| What is required |
Omit the pictures and reproduce the rest of the listing exactly.

| Data provided |
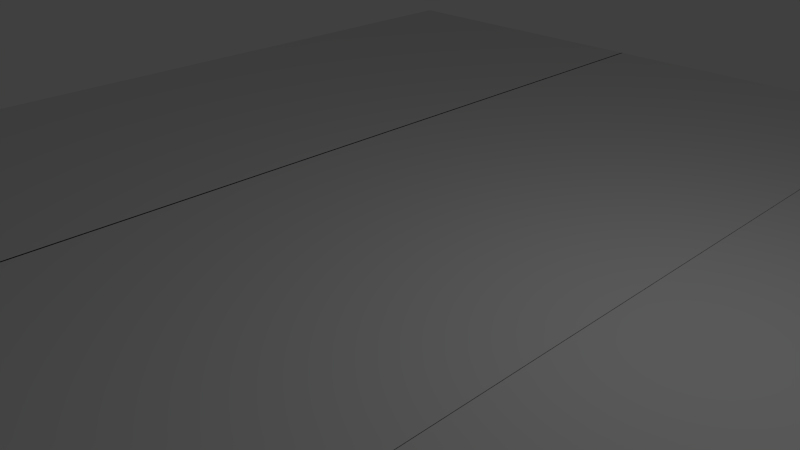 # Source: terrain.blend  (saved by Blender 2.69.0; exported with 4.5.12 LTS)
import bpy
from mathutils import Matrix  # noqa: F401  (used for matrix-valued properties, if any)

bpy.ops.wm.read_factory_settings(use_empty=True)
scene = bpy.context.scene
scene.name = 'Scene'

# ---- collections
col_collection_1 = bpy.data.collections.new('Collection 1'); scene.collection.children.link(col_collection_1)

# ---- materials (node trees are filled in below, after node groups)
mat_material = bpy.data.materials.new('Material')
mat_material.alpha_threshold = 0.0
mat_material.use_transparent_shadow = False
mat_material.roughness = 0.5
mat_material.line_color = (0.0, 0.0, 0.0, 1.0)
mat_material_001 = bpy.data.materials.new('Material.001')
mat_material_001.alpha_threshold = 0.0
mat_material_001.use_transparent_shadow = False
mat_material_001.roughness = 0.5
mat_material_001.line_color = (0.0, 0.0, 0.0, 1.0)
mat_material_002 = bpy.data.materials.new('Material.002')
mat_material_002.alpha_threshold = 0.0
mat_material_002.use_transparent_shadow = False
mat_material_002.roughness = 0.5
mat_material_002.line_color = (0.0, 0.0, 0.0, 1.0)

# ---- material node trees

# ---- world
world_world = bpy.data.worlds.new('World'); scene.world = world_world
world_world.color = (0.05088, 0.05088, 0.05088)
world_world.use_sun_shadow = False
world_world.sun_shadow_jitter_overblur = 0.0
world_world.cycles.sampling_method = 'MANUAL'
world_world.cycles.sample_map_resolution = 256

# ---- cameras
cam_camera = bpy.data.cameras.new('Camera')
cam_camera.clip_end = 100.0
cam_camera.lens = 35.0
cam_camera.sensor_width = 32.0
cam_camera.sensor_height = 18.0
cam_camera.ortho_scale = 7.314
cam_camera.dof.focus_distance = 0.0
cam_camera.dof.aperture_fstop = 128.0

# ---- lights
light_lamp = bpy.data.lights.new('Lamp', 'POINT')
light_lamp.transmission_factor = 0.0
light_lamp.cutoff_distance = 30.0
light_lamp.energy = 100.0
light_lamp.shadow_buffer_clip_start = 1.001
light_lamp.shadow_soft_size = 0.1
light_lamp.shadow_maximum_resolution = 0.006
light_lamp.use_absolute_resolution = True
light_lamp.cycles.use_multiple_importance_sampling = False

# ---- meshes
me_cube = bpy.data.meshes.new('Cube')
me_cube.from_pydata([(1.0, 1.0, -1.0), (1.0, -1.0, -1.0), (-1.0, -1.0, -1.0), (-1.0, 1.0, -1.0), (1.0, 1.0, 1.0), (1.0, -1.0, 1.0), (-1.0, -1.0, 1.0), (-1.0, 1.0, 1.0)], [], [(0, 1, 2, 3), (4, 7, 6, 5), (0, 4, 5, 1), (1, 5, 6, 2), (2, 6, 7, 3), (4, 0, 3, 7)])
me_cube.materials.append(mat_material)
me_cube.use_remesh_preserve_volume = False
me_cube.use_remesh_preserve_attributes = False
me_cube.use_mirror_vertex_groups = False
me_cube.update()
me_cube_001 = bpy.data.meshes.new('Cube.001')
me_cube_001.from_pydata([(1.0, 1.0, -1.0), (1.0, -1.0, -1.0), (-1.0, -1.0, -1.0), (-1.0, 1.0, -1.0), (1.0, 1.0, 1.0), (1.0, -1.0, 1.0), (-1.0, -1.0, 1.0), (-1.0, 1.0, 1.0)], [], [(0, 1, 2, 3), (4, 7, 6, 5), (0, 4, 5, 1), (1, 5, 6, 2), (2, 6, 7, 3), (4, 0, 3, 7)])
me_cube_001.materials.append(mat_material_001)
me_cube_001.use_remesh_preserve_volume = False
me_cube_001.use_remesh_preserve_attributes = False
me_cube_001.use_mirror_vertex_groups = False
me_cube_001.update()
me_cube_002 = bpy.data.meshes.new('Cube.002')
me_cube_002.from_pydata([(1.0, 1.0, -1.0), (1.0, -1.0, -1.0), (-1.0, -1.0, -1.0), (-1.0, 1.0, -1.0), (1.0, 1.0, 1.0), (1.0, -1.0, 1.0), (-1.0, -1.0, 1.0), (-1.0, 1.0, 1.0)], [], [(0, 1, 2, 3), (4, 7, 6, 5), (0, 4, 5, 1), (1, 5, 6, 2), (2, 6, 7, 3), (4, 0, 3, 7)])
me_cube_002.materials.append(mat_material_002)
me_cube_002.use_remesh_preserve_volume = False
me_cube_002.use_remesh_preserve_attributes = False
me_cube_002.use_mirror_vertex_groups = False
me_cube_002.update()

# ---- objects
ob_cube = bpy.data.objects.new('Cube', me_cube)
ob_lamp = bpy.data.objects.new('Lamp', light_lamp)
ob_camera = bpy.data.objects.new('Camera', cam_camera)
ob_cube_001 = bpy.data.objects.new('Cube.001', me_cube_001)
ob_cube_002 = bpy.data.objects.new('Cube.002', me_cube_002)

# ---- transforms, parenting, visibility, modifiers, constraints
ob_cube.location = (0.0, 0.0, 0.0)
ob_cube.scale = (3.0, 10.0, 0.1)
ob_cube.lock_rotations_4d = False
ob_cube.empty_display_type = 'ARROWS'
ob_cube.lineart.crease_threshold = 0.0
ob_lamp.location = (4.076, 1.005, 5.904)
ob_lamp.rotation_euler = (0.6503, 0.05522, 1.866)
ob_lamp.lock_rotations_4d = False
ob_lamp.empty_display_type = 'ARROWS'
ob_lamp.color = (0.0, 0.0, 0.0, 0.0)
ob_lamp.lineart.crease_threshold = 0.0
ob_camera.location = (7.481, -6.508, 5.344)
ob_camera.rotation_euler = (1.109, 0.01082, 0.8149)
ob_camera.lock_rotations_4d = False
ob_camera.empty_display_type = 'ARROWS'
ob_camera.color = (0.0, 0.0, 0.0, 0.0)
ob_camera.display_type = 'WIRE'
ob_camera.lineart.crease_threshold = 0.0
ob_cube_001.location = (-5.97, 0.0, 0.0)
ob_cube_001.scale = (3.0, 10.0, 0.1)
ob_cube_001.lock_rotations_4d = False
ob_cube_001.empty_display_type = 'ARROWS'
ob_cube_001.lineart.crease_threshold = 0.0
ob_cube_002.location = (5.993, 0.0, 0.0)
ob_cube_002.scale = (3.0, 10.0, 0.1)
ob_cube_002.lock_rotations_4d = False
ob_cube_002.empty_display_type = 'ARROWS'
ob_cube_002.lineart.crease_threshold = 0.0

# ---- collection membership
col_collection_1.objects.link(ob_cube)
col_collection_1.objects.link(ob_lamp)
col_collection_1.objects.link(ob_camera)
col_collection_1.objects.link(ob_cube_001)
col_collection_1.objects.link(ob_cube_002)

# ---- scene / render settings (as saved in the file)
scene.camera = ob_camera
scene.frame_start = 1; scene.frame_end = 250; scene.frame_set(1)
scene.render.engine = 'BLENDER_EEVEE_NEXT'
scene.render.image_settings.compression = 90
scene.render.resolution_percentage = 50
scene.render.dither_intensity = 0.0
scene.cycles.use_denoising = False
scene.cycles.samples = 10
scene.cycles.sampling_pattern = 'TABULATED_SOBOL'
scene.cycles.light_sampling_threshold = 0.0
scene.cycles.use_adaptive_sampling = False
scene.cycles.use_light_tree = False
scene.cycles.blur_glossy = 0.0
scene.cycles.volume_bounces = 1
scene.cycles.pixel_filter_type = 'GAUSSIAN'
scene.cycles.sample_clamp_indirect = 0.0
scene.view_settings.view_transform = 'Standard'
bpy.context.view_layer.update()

| Answer for this exercise |
 # Source: terrain.blend  (saved by Blender 2.69.0; exported with 4.5.12 LTS)
import bpy
from mathutils import Matrix  # noqa: F401  (used for matrix-valued properties, if any)

bpy.ops.wm.read_factory_settings(use_empty=True)
scene = bpy.context.scene
scene.name = 'Scene'

# ---- collections
col_collection_1 = bpy.data.collections.new('Collection 1'); scene.collection.children.link(col_collection_1)

# ---- materials (node trees are filled in below, after node groups)
mat_material = bpy.data.materials.new('Material')
mat_material.alpha_threshold = 0.0
mat_material.use_transparent_shadow = False
mat_material.roughness = 0.5
mat_material.line_color = (0.0, 0.0, 0.0, 1.0)
mat_material_001 = bpy.data.materials.new('Material.001')
mat_material_001.alpha_threshold = 0.0
mat_material_001.use_transparent_shadow = False
mat_material_001.roughness = 0.5
mat_material_001.line_color = (0.0, 0.0, 0.0, 1.0)
mat_material_002 = bpy.data.materials.new('Material.002')
mat_material_002.alpha_threshold = 0.0
mat_material_002.use_transparent_shadow = False
mat_material_002.roughness = 0.5
mat_material_002.line_color = (0.0, 0.0, 0.0, 1.0)

# ---- material node trees

# ---- world
world_world = bpy.data.worlds.new('World'); scene.world = world_world
world_world.color = (0.05088, 0.05088, 0.05088)
world_world.use_sun_shadow = False
world_world.sun_shadow_jitter_overblur = 0.0
world_world.cycles.sampling_method = 'MANUAL'
world_world.cycles.sample_map_resolution = 256

# ---- cameras
cam_camera = bpy.data.cameras.new('Camera')
cam_camera.clip_end = 100.0
cam_camera.lens = 35.0
cam_camera.sensor_width = 32.0
cam_camera.sensor_height = 18.0
cam_camera.ortho_scale = 7.314
cam_camera.dof.focus_distance = 0.0
cam_camera.dof.aperture_fstop = 128.0

# ---- lights
light_lamp = bpy.data.lights.new('Lamp', 'POINT')
light_lamp.transmission_factor = 0.0
light_lamp.cutoff_distance = 30.0
light_lamp.energy = 100.0
light_lamp.shadow_buffer_clip_start = 1.001
light_lamp.shadow_soft_size = 0.1
light_lamp.shadow_maximum_resolution = 0.006
light_lamp.use_absolute_resolution = True
light_lamp.cycles.use_multiple_importance_sampling = False

# ---- meshes
me_cube = bpy.data.meshes.new('Cube')
me_cube.from_pydata([(1.0, 1.0, -1.0), (1.0, -1.0, -1.0), (-1.0, -1.0, -1.0), (-1.0, 1.0, -1.0), (1.0, 1.0, 1.0), (1.0, -1.0, 1.0), (-1.0, -1.0, 1.0), (-1.0, 1.0, 1.0)], [], [(0, 1, 2, 3), (4, 7, 6, 5), (0, 4, 5, 1), (1, 5, 6, 2), (2, 6, 7, 3), (4, 0, 3, 7)])
me_cube.materials.append(mat_material)
me_cube.use_remesh_preserve_volume = False
me_cube.use_remesh_preserve_attributes = False
me_cube.use_mirror_vertex_groups = False
me_cube.update()
me_cube_001 = bpy.data.meshes.new('Cube.001')
me_cube_001.from_pydata([(1.0, 1.0, -1.0), (1.0, -1.0, -1.0), (-1.0, -1.0, -1.0), (-1.0, 1.0, -1.0), (1.0, 1.0, 1.0), (1.0, -1.0, 1.0), (-1.0, -1.0, 1.0), (-1.0, 1.0, 1.0)], [], [(0, 1, 2, 3), (4, 7, 6, 5), (0, 4, 5, 1), (1, 5, 6, 2), (2, 6, 7, 3), (4, 0, 3, 7)])
me_cube_001.materials.append(mat_material_001)
me_cube_001.use_remesh_preserve_volume = False
me_cube_001.use_remesh_preserve_attributes = False
me_cube_001.use_mirror_vertex_groups = False
me_cube_001.update()
me_cube_002 = bpy.data.meshes.new('Cube.002')
me_cube_002.from_pydata([(1.0, 1.0, -1.0), (1.0, -1.0, -1.0), (-1.0, -1.0, -1.0), (-1.0, 1.0, -1.0), (1.0, 1.0, 1.0), (1.0, -1.0, 1.0), (-1.0, -1.0, 1.0), (-1.0, 1.0, 1.0)], [], [(0, 1, 2, 3), (4, 7, 6, 5), (0, 4, 5, 1), (1, 5, 6, 2), (2, 6, 7, 3), (4, 0, 3, 7)])
me_cube_002.materials.append(mat_material_002)
me_cube_002.use_remesh_preserve_volume = False
me_cube_002.use_remesh_preserve_attributes = False
me_cube_002.use_mirror_vertex_groups = False
me_cube_002.update()

# ---- objects
ob_cube = bpy.data.objects.new('Cube', me_cube)
ob_lamp = bpy.data.objects.new('Lamp', light_lamp)
ob_camera = bpy.data.objects.new('Camera', cam_camera)
ob_cube_001 = bpy.data.objects.new('Cube.001', me_cube_001)
ob_cube_002 = bpy.data.objects.new('Cube.002', me_cube_002)

# ---- transforms, parenting, visibility, modifiers, constraints
ob_cube.location = (0.0, 0.0, 0.0)
ob_cube.scale = (3.0, 10.0, 0.1)
ob_cube.lock_rotations_4d = False
ob_cube.empty_display_type = 'ARROWS'
ob_cube.lineart.crease_threshold = 0.0
ob_lamp.location = (4.076, 1.005, 5.904)
ob_lamp.rotation_euler = (0.6503, 0.05522, 1.866)
ob_lamp.lock_rotations_4d = False
ob_lamp.empty_display_type = 'ARROWS'
ob_lamp.color = (0.0, 0.0, 0.0, 0.0)
ob_lamp.lineart.crease_threshold = 0.0
ob_camera.location = (7.481, -6.508, 5.344)
ob_camera.rotation_euler = (1.109, 0.01082, 0.8149)
ob_camera.lock_rotations_4d = False
ob_camera.empty_display_type = 'ARROWS'
ob_camera.color = (0.0, 0.0, 0.0, 0.0)
ob_camera.display_type = 'WIRE'
ob_camera.lineart.crease_threshold = 0.0
ob_cube_001.location = (-5.97, 0.0, 0.0)
ob_cube_001.scale = (3.0, 10.0, 0.1)
ob_cube_001.lock_rotations_4d = False
ob_cube_001.empty_display_type = 'ARROWS'
ob_cube_001.lineart.crease_threshold = 0.0
ob_cube_002.location = (5.993, 0.0, 0.0)
ob_cube_002.scale = (3.0, 10.0, 0.1)
ob_cube_002.lock_rotations_4d = False
ob_cube_002.empty_display_type = 'ARROWS'
ob_cube_002.lineart.crease_threshold = 0.0

# ---- collection membership
col_collection_1.objects.link(ob_cube)
col_collection_1.objects.link(ob_lamp)
col_collection_1.objects.link(ob_camera)
col_collection_1.objects.link(ob_cube_001)
col_collection_1.objects.link(ob_cube_002)

# ---- scene / render settings (as saved in the file)
scene.camera = ob_camera
scene.frame_start = 1; scene.frame_end = 250; scene.frame_set(1)
scene.render.engine = 'BLENDER_EEVEE_NEXT'
scene.render.image_settings.compression = 90
scene.render.resolution_percentage = 50
scene.render.dither_intensity = 0.0
scene.cycles.use_denoising = False
scene.cycles.samples = 10
scene.cycles.sampling_pattern = 'TABULATED_SOBOL'
scene.cycles.light_sampling_threshold = 0.0
scene.cycles.use_adaptive_sampling = False
scene.cycles.use_light_tree = False
scene.cycles.blur_glossy = 0.0
scene.cycles.volume_bounces = 1
scene.cycles.pixel_filter_type = 'GAUSSIAN'
scene.cycles.sample_clamp_indirect = 0.0
scene.view_settings.view_transform = 'Standard'
bpy.context.view_layer.update()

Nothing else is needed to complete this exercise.